Convergence analysis of nonmonotone proximal gradient methods under local Lipschitz continuity and Kurdyka--Łojasiewicz property
Xiaoxi Jia, Kai Wang
TL;DR
The paper studies convergence of nonmonotone proximal gradient methods for nonconvex composite problems under local Lipschitz continuity of the gradient and the Kurdyka--Łojasiewicz property. It analyzes two line-search variants—average and max—using a two-set index partition to recover descent-like behavior without requiring bounded iterates, and proves global convergence of the entire sequence to M-stationary points along with KL-based convergence rates that depend on the exponent $\theta$ of the desingularization function $\chi$. The authors further show that convergence outcomes are largely independent of the specific partitioning strategy, and extend the max-line-search analysis to obtain analogous convergence and rate results without auxiliary sequences.
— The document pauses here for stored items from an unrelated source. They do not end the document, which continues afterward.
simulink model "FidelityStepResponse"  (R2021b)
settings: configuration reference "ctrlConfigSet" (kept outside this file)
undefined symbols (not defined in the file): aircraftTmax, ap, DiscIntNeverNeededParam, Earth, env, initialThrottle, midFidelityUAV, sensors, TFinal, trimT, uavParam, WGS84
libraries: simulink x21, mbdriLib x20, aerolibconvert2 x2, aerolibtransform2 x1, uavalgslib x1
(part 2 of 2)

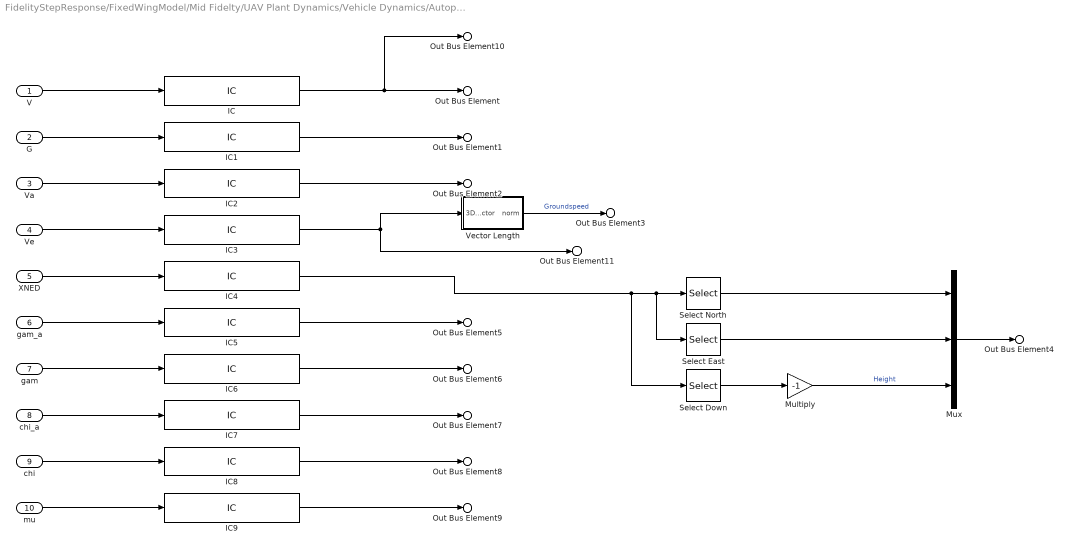
== system FidelityStepResponse/FixedWingModel/Mid Fidelty/UAV Plant Dynamics/Vehicle Dynamics/AutopilotStates ==
  V : Inport
  G : Inport  Port=2
  Va : Inport  Port=3
  Ve : Inport  Port=4
  XNED : Inport  Port=5
  gam_a : Inport  Port=6
  gam : Inport  Port=7
  chi_a : Inport  Port=8
  chi : Inport  Port=9
  mu : Inport  Port=10
  IC : InitialCondition  Value=midFidelityUAV.initialAirspeed
  IC1 : InitialCondition  Value=midFidelityUAV.initialAirspeed
  IC2 : InitialCondition  Value=[midFidelityUAV.initialAirspeed 0 0]
  IC3 : InitialCondition  Value=[midFidelityUAV.initialAirspeed 0 0 ]
  IC4 : InitialCondition  Value=[midFidelityUAV.initialNorth midFidelityUAV.initialEast -midFidelityUAV.initialAltitude]
  IC5 : InitialCondition  Value=midFidelityUAV.initialFlightPathAngle
  IC6 : InitialCondition  Value=midFidelityUAV.initialFlightPathAngle
  IC7 : InitialCondition  Value=midFidelityUAV.initialHeadingAngle
  IC8 : InitialCondition  Value=midFidelityUAV.initialHeadingAngle
  IC9 : InitialCondition  Value=0
  Multiply : Gain  Gain=-1
  Mux : Mux  Inputs=3
  Select Down : Selector  InputPortWidth=3  IndexOptions=Index vector (dialog)  Indices=[3]  OutputSizes=1
  Select East : Selector  InputPortWidth=3  IndexOptions=Index vector (dialog)  Indices=[2]  OutputSizes=1
  Select North : Selector  InputPortWidth=3  IndexOptions=Index vector (dialog)  Indices=[1]  OutputSizes=1
  Vector Length : Subsystem
  Out Bus Element : Outport  PortName=AutopilotStates  Element=V
  Out Bus Element1 : Outport  PortName=AutopilotStates  Element=G
  Out Bus Element2 : Outport  PortName=AutopilotStates  Element=Va
  Out Bus Element3 : Outport  PortName=AutopilotStates  Element=GS
  Out Bus Element4 : Outport  PortName=AutopilotStates  Element=Xe
  Out Bus Element5 : Outport  PortName=AutopilotStates  Element=gamma_a
  Out Bus Element6 : Outport  PortName=AutopilotStates  Element=gamma
  Out Bus Element7 : Outport  PortName=AutopilotStates  Element=chi_a
  Out Bus Element8 : Outport  PortName=AutopilotStates  Element=chi
  Out Bus Element9 : Outport  PortName=AutopilotStates  Element=mu
  Out Bus Element10 : Outport  PortName=AutopilotStates  Element=ias
  Out Bus Element11 : Outport  PortName=AutopilotStates  Element=Ve
  wires:
  IC8/1 -> Out Bus Element8/1
  mu/1 -> IC9/1
  Vector Length/1(norm) -> Out Bus Element3/1  "Groundspeed"
  V/1 -> IC/1
  IC/1 -> Out Bus Element/1, Out Bus Element10/1
  G/1 -> IC1/1
  Va/1 -> IC2/1
  Ve/1 -> IC3/1
  XNED/1 -> IC4/1
  gam_a/1 -> IC5/1
  gam/1 -> IC6/1
  chi_a/1 -> IC7/1
  chi/1 -> IC8/1
  IC1/1 -> Out Bus Element1/1
  IC2/1 -> Out Bus Element2/1
  IC3/1 -> Vector Length/1(3DVector), Out Bus Element11/1
  IC4/1 -> Select Down/1, Select East/1, Select North/1
  IC5/1 -> Out Bus Element5/1
  IC6/1 -> Out Bus Element6/1
  IC7/1 -> Out Bus Element7/1
  Select Down/1 -> Multiply/1
  Select North/1 -> Mux/1
  Select East/1 -> Mux/2
  Multiply/1 -> Mux/3  "Height"
  Mux/1 -> Out Bus Element4/1
  IC9/1 -> Out Bus Element9/1

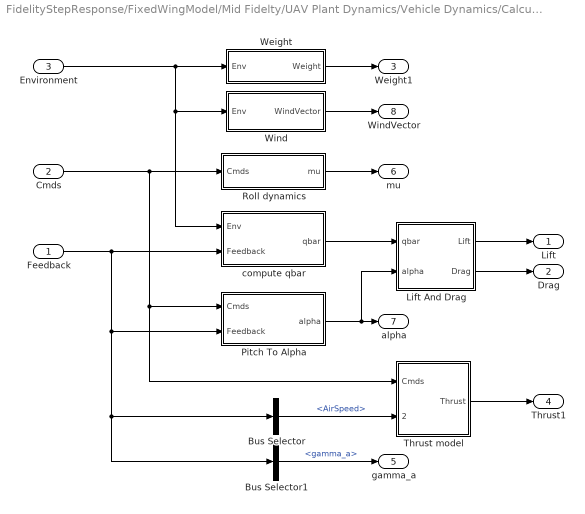
== system FidelityStepResponse/FixedWingModel/Mid Fidelty/UAV Plant Dynamics/Vehicle Dynamics/Calculate Forces ==
  Feedback : Inport
  Cmds : Inport  Port=2
  Environment : Inport  Port=3
  Bus Selector : BusSelector  OutputSignals=AirSpeed
  Bus Selector1 : BusSelector  OutputSignals=gamma_a
  Lift And Drag : Subsystem
  Pitch To Alpha : Subsystem
  Roll dynamics : Subsystem
  Thrust model : Subsystem  Variant=on  VariantControlMode=label  VariantControl=Choice  LabelModeActiveChoice=ThrustAd==1
  Weight : Subsystem
  Wind : Subsystem
  compute qbar : Subsystem
  Lift : Outport
  Drag : Outport  Port=2
  Weight1 : Outport  Port=3
  Thrust1 : Outport  Port=4
  gamma_a : Outport  Port=5
  mu : Outport  Port=6
  alpha : Outport  Port=7
  WindVector : Outport  Port=8
  wires:
  Thrust model/1(Thrust) -> Thrust1/1
  Lift And Drag/1(Lift) -> Lift/1
  Lift And Drag/2(Drag) -> Drag/1
  Wind/1(WindVector) -> WindVector/1
  Bus Selector/1 -> Thrust model/2(Airspeed)  "<AirSpeed>"
  compute qbar/1(qbar) -> Lift And Drag/1(qbar)
  Weight/1(Weight) -> Weight1/1
  Roll dynamics/1(mu) -> mu/1
  Bus Selector1/1 -> gamma_a/1  "<gamma_a>"
  Environment/1 -> compute qbar/1(Env), Wind/1(Env), Weight/1(Env)
  Cmds/1 -> Thrust model/1(Cmds), Pitch To Alpha/1(Cmds), Roll dynamics/1(Cmds)
  Feedback/1 -> Bus Selector/1, Bus Selector1/1, Pitch To Alpha/2(Feedback), compute qbar/2(Feedback)
  Pitch To Alpha/1(alpha) -> alpha/1, Lift And Drag/2(alpha)

== system FidelityStepResponse/FixedWingModel/Mid Fidelty/UAV Plant Dynamics/Vehicle Dynamics/Feedback ==
  In Bus Element : Inport  PortName=AutopilotStates  Element=G
  In Bus Element1 : Inport  PortName=AutopilotStates  Element=V
  In Bus Element2 : Inport  PortName=AutopilotStates  Element=gamma_a
  Out Bus Element : Outport  PortName=Feedback  Element=GroundSpeed
  Out Bus Element1 : Outport  PortName=Feedback  Element=AirSpeed
  Out Bus Element2 : Outport  PortName=Feedback  Element=gamma_a
  wires:
  In Bus Element2/1 -> Out Bus Element2/1
  In Bus Element1/1 -> Out Bus Element1/1
  In Bus Element/1 -> Out Bus Element/1

== system FidelityStepResponse/FixedWingModel/Mid Fidelty/UAV Plant Dynamics/asbState to uavState/Rename chi ==
  In1 : Inport
  Out1 : Outport
  wires:
  In1/1 -> Out1/1

== system FidelityStepResponse/FixedWingModel/Mid Fidelty/UAV Plant Dynamics/asbState to uavState/Rename gamma ==
  In1 : Inport
  Out1 : Outport
  wires:
  In1/1 -> Out1/1

== system FidelityStepResponse/FixedWingModel/Mid Fidelty/UAV Plant Dynamics/asbState to uavState/Rename mu ==
  In1 : Inport
  Out1 : Outport
  wires:
  In1/1 -> Out1/1

== system FidelityStepResponse/FixedWingModel/Mid Fidelty/UAV Plant Dynamics/asbState to uavState/Vector Length ==
  3DVector : Inport
  Add : Sum  Inputs=+
  Square : Math  Operator=square  SaturateOnIntegerOverflow=on
  Square Root : Sqrt  SaturateOnIntegerOverflow=on
  norm : Outport
  wires:
  Square Root/1 -> norm/1
  Add/1 -> Square Root/1
  Square/1 -> Add/1
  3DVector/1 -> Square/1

The results broaden proximal-gradient convergence theory for nonconvex problems by relaxing global Lipschitz assumptions and providing unified KL-driven rates, with practical implications for optimization in machine learning, imaging, and data science.
Abstract
The proximal gradient method is a standard approach for solving composite minimization problems in which the objective function is the sum of a continuously differentiable function and a lower semicontinuous, extended-valued function. The traditional convergence theory for both monotone and nonmonotone variants replies heavily on the assumption of global Lipschitz continuity of the gradient of the smooth part of the objective function. Recent work has shown that monotone proximal gradient methods converge globally only when the local (rather than global) Lipschitz continuity is assumed, provided that the Kurdyka--Łojasiewicz (KL) property holds. However, these results have not been extended to nonmonotone proximal gradient (NPG) methods. In this manuscript, we consider two types of NPG methods: those combined with the average line search and the max line search, respectively. By partitioning indices into two subsets, one of which aims to achieve a sufficient decrease in the functional sequence, we establish global convergence and rate-of-convergence results using the local Lipschitz continuity and the KL property, without requiring boundedness of the iterates. While finalizing this work, we noticed that [18] presented analogous results for the NPG method with average line search, but with a different partitioning strategy. Together, we confidently conclude that the convergence theory of the NPG method is independent on index partitioning choices.